Türkiye Sigorta Birliği (TSB) tarafından 11. Sigorta Haftası kapsamında düzenlenen ve ‘Sigortacılığın Geleceğini Yine Tanımlamak: Yeni Fırsatlar’ temasıyla gerçekleştirilen Memleketler arası Sigorta Tepesi başladı.
Doruğun açılışında konuşan Türkiye Sigorta Birliği (TSB) Lideri Atilla Benli, hem sigortacılık hem de emeklilik alanında sigorta dalının büyümeye devam ettiğini kaydederek, 2021 sonu prestijiyle faal büyüklüğün 427 milyar lirayı, prim üretiminin 105 milyar lirayı, BES’te fon büyüklüğünün ise 244 milyar lirayı aştığını söyledi.
Dal olarak 2021’de ülke iktisadına sağladıkları teminatın 230 trilyon liraya ulaştığını, ödedikleri toplam tazminat meblağının ise 64 milyar liraya yaklaştığını lisana getiren Benli, “Öte yandan, 2022’in birinci üç ayında prim üretimi geçen yılın tıpkı periyoduna nazaran yüzde 70 artışla 43 milyar liraya ulaştı. Emsal formda BES’te devlet katkısı dahil toplam fon büyüklüğü de mayıs ayı prestijiyle geçen yıla nazaran yüzde 56 artışla 285 milyar lirayı aştı.” diye konuştu.

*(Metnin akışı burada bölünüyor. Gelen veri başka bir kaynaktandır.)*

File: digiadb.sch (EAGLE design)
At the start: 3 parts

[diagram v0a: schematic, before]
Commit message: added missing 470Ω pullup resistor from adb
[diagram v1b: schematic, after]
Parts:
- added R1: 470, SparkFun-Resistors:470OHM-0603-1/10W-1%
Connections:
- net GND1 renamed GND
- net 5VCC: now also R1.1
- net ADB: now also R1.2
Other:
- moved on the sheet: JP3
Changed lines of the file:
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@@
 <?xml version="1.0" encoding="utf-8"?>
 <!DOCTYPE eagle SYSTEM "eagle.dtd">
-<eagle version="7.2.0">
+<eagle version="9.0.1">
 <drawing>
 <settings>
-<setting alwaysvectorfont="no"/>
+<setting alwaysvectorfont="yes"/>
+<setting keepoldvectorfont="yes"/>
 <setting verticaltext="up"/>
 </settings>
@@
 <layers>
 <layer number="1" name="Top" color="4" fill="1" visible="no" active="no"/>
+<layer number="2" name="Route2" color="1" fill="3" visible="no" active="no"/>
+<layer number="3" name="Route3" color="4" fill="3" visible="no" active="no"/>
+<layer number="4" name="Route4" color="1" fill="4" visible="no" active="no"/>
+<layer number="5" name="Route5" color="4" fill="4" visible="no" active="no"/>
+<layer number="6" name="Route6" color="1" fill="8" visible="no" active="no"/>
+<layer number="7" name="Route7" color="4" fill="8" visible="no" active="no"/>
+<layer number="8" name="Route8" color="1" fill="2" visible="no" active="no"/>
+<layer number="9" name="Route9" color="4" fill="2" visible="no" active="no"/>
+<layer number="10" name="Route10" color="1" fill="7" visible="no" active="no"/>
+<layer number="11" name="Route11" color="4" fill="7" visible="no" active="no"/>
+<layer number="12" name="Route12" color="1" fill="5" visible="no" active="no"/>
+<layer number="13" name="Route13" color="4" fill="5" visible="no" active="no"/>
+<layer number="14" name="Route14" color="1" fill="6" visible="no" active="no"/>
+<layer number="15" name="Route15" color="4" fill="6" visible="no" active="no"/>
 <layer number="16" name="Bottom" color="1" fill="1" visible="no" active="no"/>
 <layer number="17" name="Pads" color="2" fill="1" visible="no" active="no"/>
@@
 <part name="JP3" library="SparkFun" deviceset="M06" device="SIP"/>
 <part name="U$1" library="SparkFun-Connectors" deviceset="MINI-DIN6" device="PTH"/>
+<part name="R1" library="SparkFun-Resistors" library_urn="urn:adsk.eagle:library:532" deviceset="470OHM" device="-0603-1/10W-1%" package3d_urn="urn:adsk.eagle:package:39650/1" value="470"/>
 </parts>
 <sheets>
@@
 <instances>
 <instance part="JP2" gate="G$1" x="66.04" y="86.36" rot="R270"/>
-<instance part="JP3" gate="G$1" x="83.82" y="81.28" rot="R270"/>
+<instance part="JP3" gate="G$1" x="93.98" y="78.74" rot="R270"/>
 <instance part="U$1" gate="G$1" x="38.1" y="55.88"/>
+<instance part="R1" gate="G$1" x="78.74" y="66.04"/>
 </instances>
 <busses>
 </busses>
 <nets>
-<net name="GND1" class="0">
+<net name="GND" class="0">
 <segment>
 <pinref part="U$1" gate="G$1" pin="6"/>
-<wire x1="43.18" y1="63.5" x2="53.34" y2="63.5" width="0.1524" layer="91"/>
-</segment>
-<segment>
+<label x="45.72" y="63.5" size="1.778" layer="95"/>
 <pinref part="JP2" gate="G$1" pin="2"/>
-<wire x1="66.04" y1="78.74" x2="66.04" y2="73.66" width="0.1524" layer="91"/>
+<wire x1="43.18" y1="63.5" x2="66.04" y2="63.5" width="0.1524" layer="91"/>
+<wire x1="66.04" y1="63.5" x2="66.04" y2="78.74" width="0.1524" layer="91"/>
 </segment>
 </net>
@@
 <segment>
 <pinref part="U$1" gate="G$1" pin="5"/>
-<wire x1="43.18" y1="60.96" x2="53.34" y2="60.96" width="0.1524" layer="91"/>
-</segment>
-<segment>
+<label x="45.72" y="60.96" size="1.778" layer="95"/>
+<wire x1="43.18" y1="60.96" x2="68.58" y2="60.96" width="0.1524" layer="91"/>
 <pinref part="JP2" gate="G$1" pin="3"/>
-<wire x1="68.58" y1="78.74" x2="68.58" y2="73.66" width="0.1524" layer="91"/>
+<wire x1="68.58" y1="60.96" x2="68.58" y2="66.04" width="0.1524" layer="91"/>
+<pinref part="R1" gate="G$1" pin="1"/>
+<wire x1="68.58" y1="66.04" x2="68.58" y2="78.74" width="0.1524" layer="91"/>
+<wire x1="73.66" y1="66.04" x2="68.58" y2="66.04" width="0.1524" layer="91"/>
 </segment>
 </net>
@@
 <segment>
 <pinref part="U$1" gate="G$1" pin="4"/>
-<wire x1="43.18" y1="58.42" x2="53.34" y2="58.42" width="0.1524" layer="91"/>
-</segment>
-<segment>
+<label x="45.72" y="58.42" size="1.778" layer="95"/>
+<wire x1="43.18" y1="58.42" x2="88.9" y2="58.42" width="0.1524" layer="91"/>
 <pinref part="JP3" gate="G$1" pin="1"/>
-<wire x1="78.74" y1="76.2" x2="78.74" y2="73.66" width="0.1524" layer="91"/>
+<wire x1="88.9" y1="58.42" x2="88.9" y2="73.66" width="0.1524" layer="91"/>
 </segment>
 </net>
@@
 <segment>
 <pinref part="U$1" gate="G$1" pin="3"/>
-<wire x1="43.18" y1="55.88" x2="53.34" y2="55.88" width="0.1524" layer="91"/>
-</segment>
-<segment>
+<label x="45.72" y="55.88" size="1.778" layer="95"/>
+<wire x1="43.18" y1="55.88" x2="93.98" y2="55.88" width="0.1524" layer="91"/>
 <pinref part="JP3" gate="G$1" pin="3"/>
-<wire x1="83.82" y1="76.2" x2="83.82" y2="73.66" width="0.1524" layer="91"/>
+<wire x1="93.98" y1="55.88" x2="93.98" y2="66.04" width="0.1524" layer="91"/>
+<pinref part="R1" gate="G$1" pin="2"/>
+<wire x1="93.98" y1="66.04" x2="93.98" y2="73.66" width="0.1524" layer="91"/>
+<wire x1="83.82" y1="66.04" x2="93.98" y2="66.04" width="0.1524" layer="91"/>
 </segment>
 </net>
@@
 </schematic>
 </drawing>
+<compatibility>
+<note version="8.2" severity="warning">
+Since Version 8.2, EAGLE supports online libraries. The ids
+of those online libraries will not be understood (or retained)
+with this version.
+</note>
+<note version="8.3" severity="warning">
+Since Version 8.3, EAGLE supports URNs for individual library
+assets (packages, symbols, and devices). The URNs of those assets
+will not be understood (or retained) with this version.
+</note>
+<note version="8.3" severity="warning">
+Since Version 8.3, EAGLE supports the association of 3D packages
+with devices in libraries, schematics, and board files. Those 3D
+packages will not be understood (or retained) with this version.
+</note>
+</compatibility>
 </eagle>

Sigortacılık bölümünün birçok ülkeye örnek teşkil edecek başarılı uygulamalara konut sahipliği yaptığını söz eden Benli, bunların başında gelen BES’te devlet takviyesinin yüzde 30’a çıkarılmasıyla 300 milyar TL fon büyüklüğüne ve 14 milyon iştirakçiye süratle yaklaştıklarını vurguladı.
Benli, “Bireysel emeklilik sisteminde gayemiz, 500 milyar TL fon büyüklüğüne ve 17 milyon iştirakçiye ulaşmak. Yakın vakitte hayata geçirilen ıslahatlarla bu gayelere artık daha yakın olduğumuzu biliyoruz.” açıklamasında bulundu.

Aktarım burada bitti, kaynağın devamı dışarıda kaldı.